DNA damage can block transcription and translation, so a damaged template should produce less GFP in a cell-free reaction than an intact template. By comparing fluorescence from intact versus damaged DNA, we can estimate how strongly template integrity affects biological function in a space-compatible system. This is scientifically interesting because it connects a major space biology problem, radiation-induced molecular damage, to a direct functional readout. It also follows the logic from the recording that cell-free systems are powerful because we manually specify the parts and can rebuild and test pathways step by step.

Hypothesis / research goal (max 150 words)

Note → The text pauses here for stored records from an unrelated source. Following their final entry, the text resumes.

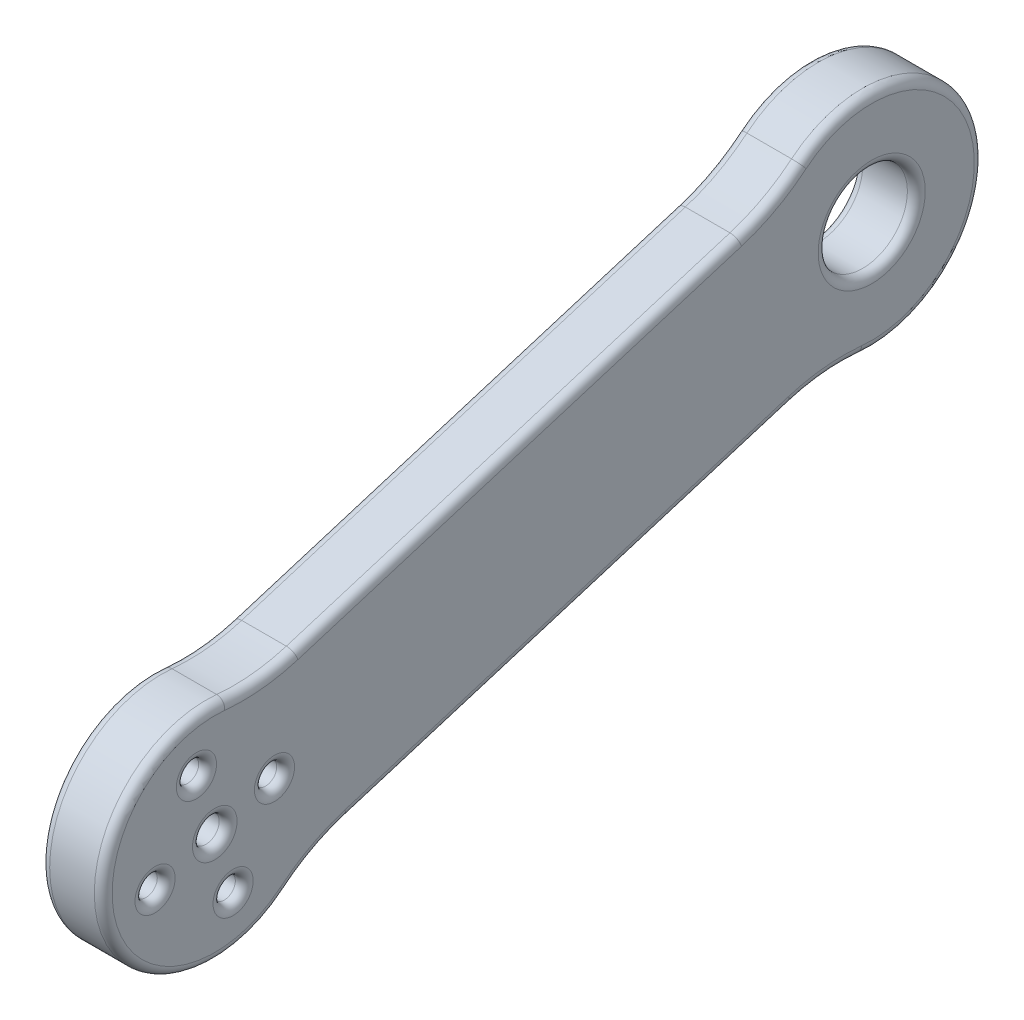
from build123d import *

# Parameters (mm, degrees)
SKETCH3_R           = 5
SKETCH3_R_2         = 1.25
SKETCH3_R_3         = 1.5
BOSS_EXTRUDE2_DEPTH = 7
FILLET2_R           = 1


with BuildPart() as part:
    # Sketch3 → Boss-Extrude2 (new body)
    with BuildSketch(Plane.YZ):
        with BuildLine():
            Line((74.314275071, -27.095634775), (59.059039264, 22.61631329))
            ThreePointArc((59.059039264, 22.61631329), (57.537050676, 26.252108965), (55.331579882, 29.518813424))
            ThreePointArc((55.331579882, 29.518813424), (61.284781292, 49.449987516), (77.393095295, 36.288888487))
            ThreePointArc((77.393095295, 36.288888487), (77.399624886, 32.347389177), (78.179019289, 28.483711678))
            Line((78.179019289, 28.483711678), (93.434255096, -21.228236387))
            ThreePointArc((93.434255096, -21.228236387), (94.956243684, -24.864032062), (97.161714478, -28.130736521))
            ThreePointArc((97.161714478, -28.130736521), (91.208513068, -48.061910612), (75.100199065, -34.900811584))
            ThreePointArc((75.100199065, -34.900811584), (75.093669473, -30.959312273), (74.314275071, -27.095634775))
        make_face()
        with Locations(Location((87.541389076, -36.111923097, 0), (0, 0, 270))):
            Circle(SKETCH3_R, mode=Mode.SUBTRACT)
        with Locations(Location((62.898315848, 44.191993009, 0), (0, 0, 270))):
            Circle(SKETCH3_R_2, mode=Mode.SUBTRACT)
        with Locations(Location((71.643898293, 39.553589436, 0), (0, 0, 270))):
            Circle(SKETCH3_R_2, mode=Mode.SUBTRACT)
        with Locations(Location((67.005494719, 30.808006991, 0), (0, 0, 270))):
            Circle(SKETCH3_R_2, mode=Mode.SUBTRACT)
        with Locations(Location((58.259912275, 35.446410564, 0), (0, 0, 270))):
            Circle(SKETCH3_R_2, mode=Mode.SUBTRACT)
        with Locations(Location((64.951905284, 37.5, 0), (0, 0, 270))):
            Circle(SKETCH3_R_3, mode=Mode.SUBTRACT)
    extrude(amount=BOSS_EXTRUDE2_DEPTH)

    # Fillet2
    fillet2_edges = [part.edges().sort_by_distance(p)[0] for p in [
        (0, 66.686657167, -2.239660742),
        (0, 57.537050676, 26.252108965),
        (0, 61.284781292, 49.449987516),
        (0, 77.399624886, 32.347389177),
        (7, 57.537050676, 26.252108965),
        (7, 66.686657167, -2.239660742),
        (7, 75.093669473, -30.959312273),
        (0, 87.541389076, -31.111923097),
        (7, 87.541389076, -31.111923097),
        (7, 91.208513068, -48.061910612),
        (0, 62.898315848, 45.441993009),
        (7, 62.898315848, 45.441993009),
        (7, 94.956243684, -24.864032062),
        (0, 71.643898293, 40.803589436),
        (7, 71.643898293, 40.803589436),
        (7, 85.806637192, 3.627737645),
        (0, 67.005494719, 32.058006991),
        (7, 67.005494719, 32.058006991),
        (0, 58.259912275, 36.696410564),
        (7, 58.259912275, 36.696410564),
        (0, 64.951905284, 39),
        (7, 64.951905284, 39),
        (7, 77.399624886, 32.347389177),
        (0, 85.806637192, 3.627737645),
        (7, 61.284781292, 49.449987516),
        (0, 94.956243684, -24.864032062),
        (0, 91.208513068, -48.061910612),
        (0, 75.093669473, -30.959312273),
    ]]
    fillet(fillet2_edges, radius=FILLET2_R)


solid = part.part

My hypothesis is that DNA templates exposed to damaging conditions will produce measurably lower GFP fluorescence in the BioBits® cell-free system than matched undamaged templates. The reasoning is that radiation-related lesions can interfere with transcription by RNA polymerase and reduce the amount of functional protein produced. A cell-free system is ideal for this because it isolates the molecular effect of template damage without the added complexity of living cells, matching the recording’s emphasis on full manual control over system components. The research goal is to develop a simple, portable assay for functional DNA damage detection in space using only the Genes in Space toolkit. In the future, this approach could help evaluate DNA stability in spacecraft environments or screen protective strategies for long-duration missions.

Experimental plan (max 100 words)

I would test two DNA samples: an intact GFP template and a deliberately damaged GFP template, plus a no-DNA negative control. miniPCR would amplify the template if needed, then equal amounts of DNA would be added to separate BioBits® reactions. After hydration, reactions would incubate for protein expression, and GFP fluorescence would be measured with the P51 Molecular Fluorescence Viewer. The main data would be fluorescence intensity for each condition. Lower fluorescence in the damaged-template reaction compared with the intact-template reaction would support the hypothesis that DNA damage reduces functional gene expression in space-compatible cell-free systems.

Individual Final Project

The slide has been posted in the slide deck and I am still working on filling the form.